La famille des x87 continuera d’exister pendant plusieurs années (avec les 80187, 80287 et 80387), avant d’intégrer définitivement le processeur à partir des 80486… si l’on met de côté la version « SX » de ce processeur, mais c’est une autre histoire sur laquelle nous aurons l’occasion de revenir.
En 1979, le 8088 pointe le bout de son nez. Contrairement à ce que la numérotation laisse penser, il est moins performant que son prédécesseur. Il est basé sur l'Intel 8086, mais avec un bus externe sur 8 bits seulement au lieu de 16 bits. Le 8088 a acquis ses lettres de noblesse en s’installant dans le premier IBM PC en 1981.

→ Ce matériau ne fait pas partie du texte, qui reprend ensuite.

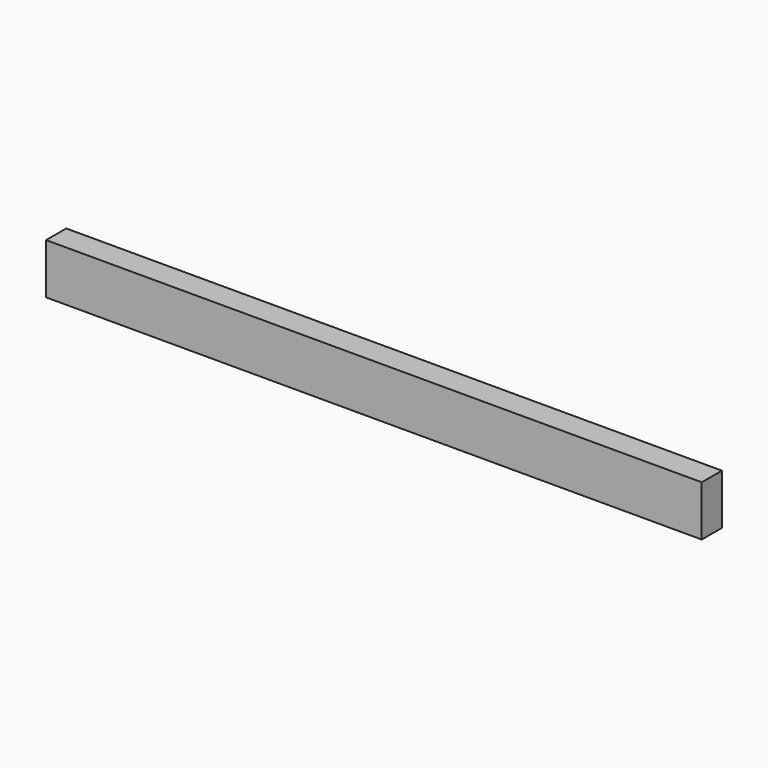
from build123d import *

# Parameters (mm, degrees)
F0_W     = 330.2
F0_H     = 25.4
F1_DEPTH = 12.7


# Not quite as in the source:
# - a feature names something its author has since deleted; it is built from what else it names


with BuildPart() as f1:
    # F0 (on Front) → F1 (new body)
    with BuildSketch(Plane.XZ):
        Rectangle(F0_W, F0_H)
    extrude(amount=F1_DEPTH)


solid = f1.part
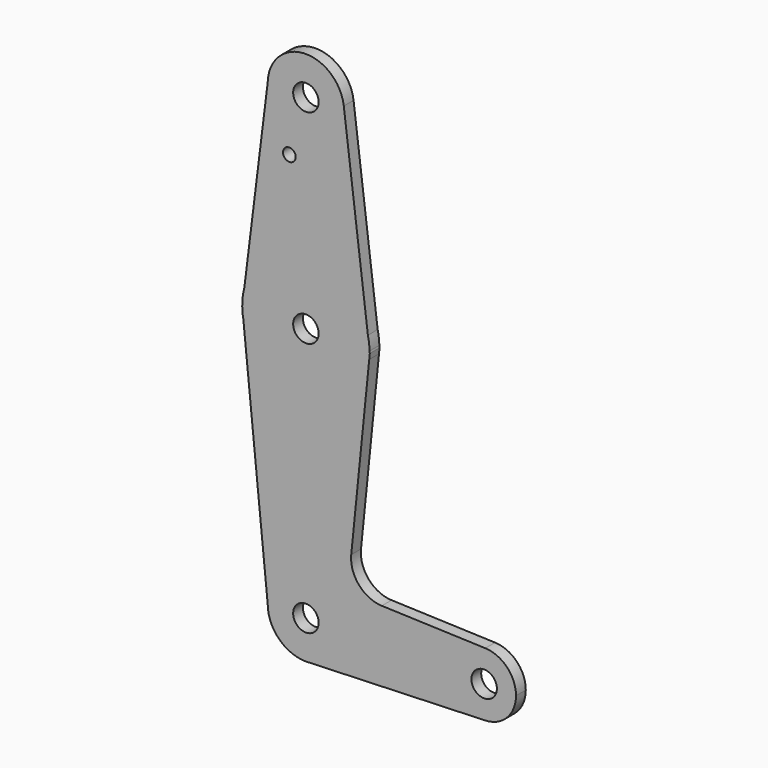
from build123d import *

# Parameters (mm, degrees)
F0_R     = 3.175
F0_R_2   = 1.5875
F1_DEPTH = 3.048


with BuildPart() as f1:
    # F0 (on Front) → F1 (new body)
    with BuildSketch(Plane.XZ):
        with BuildLine():
            ThreePointArc((0.6773435479, -9.500885786), (6.9705567315, -6.4912990883), (9.525, 0))
            ThreePointArc((9.525, 0), (0, 9.525), (-9.525, 0))
            ThreePointArc((-9.525, 0), (-6.7351920908, -6.7351920908), (0, -9.525))
            Line((0, -9.525), (0.6773435479, -9.500885786))
        make_face()
        Circle(F0_R, mode=Mode.SUBTRACT)
        with BuildLine():
            ThreePointArc((-9.525, 0), (0, 9.525), (9.525, 0))
            ThreePointArc((9.525, 0), (6.9705567315, -6.4912990883), (0.6773435479, -9.500885786))
            Line((0.6773435479, -9.500885786), (44.7324052746, -7.9324746146))
            ThreePointArc((44.7324052746, -7.9324746146), (36.5125, 0), (44.7324052746, 7.9324746146))
            Line((44.7324052746, 7.9324746146), (18.9341027877, 8.850924033))
            ThreePointArc((18.9341027877, 8.850924033), (13.2249738114, 11.5709798305), (11.3072231466, 17.5971800924))
            Line((11.3072231466, 17.5971800924), (15.7942028382, 61.9003807621))
            ThreePointArc((15.7942028382, 61.9003807621), (0.6754711443, 47.6393769437), (-15.6010113814, 60.5633234978))
            Line((-15.6010113814, 60.5633234978), (-9.525, 0))
        make_face()
        with BuildLine():
            ThreePointArc((0, -9.525), (0.3388863295, -9.5189695375), (0.6773435479, -9.500885786))
            Line((0.6773435479, -9.500885786), (0, -9.525))
        make_face()
        with BuildLine():
            Line((-15.8734616555, 63.2790020988), (-15.6010113814, 60.5633234978))
            ThreePointArc((-15.6010113814, 60.5633234978), (0.6754711443, 47.6393769437), (15.7942028382, 61.9003807621))
            ThreePointArc((15.7942028382, 61.9003807621), (15.8547878424, 62.6991707598), (15.875, 63.5))
            ThreePointArc((15.875, 63.5), (15.874419829, 63.6357206458), (15.8726793583, 63.7714313715))
            Line((15.8726793583, 63.7714313715), (15.4569841354, 67.1190145672))
            ThreePointArc((15.4569841354, 67.1190145672), (0.2433839863, 79.373134197), (-15.3387626985, 67.5912081197))
            Line((-15.3387626985, 67.5912081197), (-15.8734616555, 63.2790020988))
        make_face()
        with Locations((0, 63.5)):
            Circle(F0_R, mode=Mode.SUBTRACT)
        with BuildLine():
            ThreePointArc((-15.8734616555, 63.2790020988), (-15.795706404, 61.9152968109), (-15.6010113814, 60.5633234978))
            Line((-15.6010113814, 60.5633234978), (-15.8734616555, 63.2790020988))
        make_face()
        with BuildLine():
            ThreePointArc((44.7324052746, 7.9324746146), (36.5125, 0), (44.7324052746, -7.9324746146))
            ThreePointArc((44.7324052746, -7.9324746146), (50.1616327839, -5.5119104847), (52.3875, 0))
            ThreePointArc((52.3875, 0), (50.1616327839, 5.5119104847), (44.7324052746, 7.9324746146))
        make_face()
        with Locations((44.45, 0)):
            Circle(F0_R, mode=Mode.SUBTRACT)
        with BuildLine():
            ThreePointArc((-15.3387626985, 67.5912081197), (-15.7543491606, 65.4534859937), (-15.8734616555, 63.2790020988))
            Line((-15.8734616555, 63.2790020988), (-15.3387626985, 67.5912081197))
        make_face()
        with BuildLine():
            ThreePointArc((15.875, 63.5), (15.8547878424, 62.6991707598), (15.7942028382, 61.9003807621))
            Line((15.7942028382, 61.9003807621), (15.9338280988, 63.2790020988))
            Line((15.9338280988, 63.2790020988), (15.8726793583, 63.7714313715))
            ThreePointArc((15.8726793583, 63.7714313715), (15.874419829, 63.6357206458), (15.875, 63.5))
        make_face()
        with BuildLine():
            Line((-9.5230337628, 114.4935276514), (-15.3387626985, 67.5912081197))
            ThreePointArc((-15.3387626985, 67.5912081197), (0.2433839863, 79.373134197), (15.4569841354, 67.1190145672))
            Line((15.4569841354, 67.1190145672), (9.4524003041, 115.4737774452))
            ThreePointArc((9.4524003041, 115.4737774452), (9.5068327506, 114.8880102479), (9.525, 114.3))
            ThreePointArc((9.525, 114.3), (-0.0967688198, 104.775491572), (-9.5230337628, 114.4935276514))
        make_face()
        with Locations((-4.1181622073, 100.3728732467)):
            Circle(F0_R_2, mode=Mode.SUBTRACT)
        with BuildLine():
            ThreePointArc((15.8726793583, 63.7714313715), (15.7540005069, 65.456295742), (15.4569841354, 67.1190145672))
            Line((15.4569841354, 67.1190145672), (15.8726793583, 63.7714313715))
        make_face()
        with BuildLine():
            ThreePointArc((9.4524003041, 115.4737774452), (-0.4913956511, 123.8123159806), (-9.5230337628, 114.4935276514))
            ThreePointArc((-9.5230337628, 114.4935276514), (-0.0967688198, 104.775491572), (9.525, 114.3))
            ThreePointArc((9.525, 114.3), (9.5068327506, 114.8880102479), (9.4524003041, 115.4737774452))
        make_face()
        with Locations((0, 114.3)):
            Circle(F0_R, mode=Mode.SUBTRACT)
    extrude(amount=F1_DEPTH)


solid = f1.part

Pas de changement sur les caractéristiques techniques : 29 000 transistors et 3 000 nm en finesse de gravure. La fréquence pouvait être un peu plus élevée, jusqu’à 16 MHz a priori.
Voici les 186 et 286, premiers clones AMD du 8086
Il faudra ensuite attendre 1982 – soit 10 ans seulement après le 4004 – pour voir arriver coup sur coup les 80186 et 80286, aussi simplement appelés 186 et 286. La seconde puce est largement plus connue que la première, mais les deux ont bel et bien existé.
Le 186 – une « simple » évolution du 8086 avec 55 000 transistors et une finesse de gravure de 3 000 nm – est presque un processeur mort-né à cause du 286 sorti la même année et bien plus performant. Si on retrouve quelques ordinateurs avec un 186, cette puce était davantage destinée à l’intégration. Signalons aussi le 80188 qui est au 8088 ce que le 80186 est au 8086 (vous suivez ?).
Terminons cette première partie avec le 80286, dont le développement a débuté en 1978, l’année du lancement du 8086. Alors que le 80186 est présenté comme une mise à jour du 8086, le 80286 « reconceptualisait considérablement les possibilités du microprocesseur pour l’informatique personnelle », selon les propres termes d’Intel.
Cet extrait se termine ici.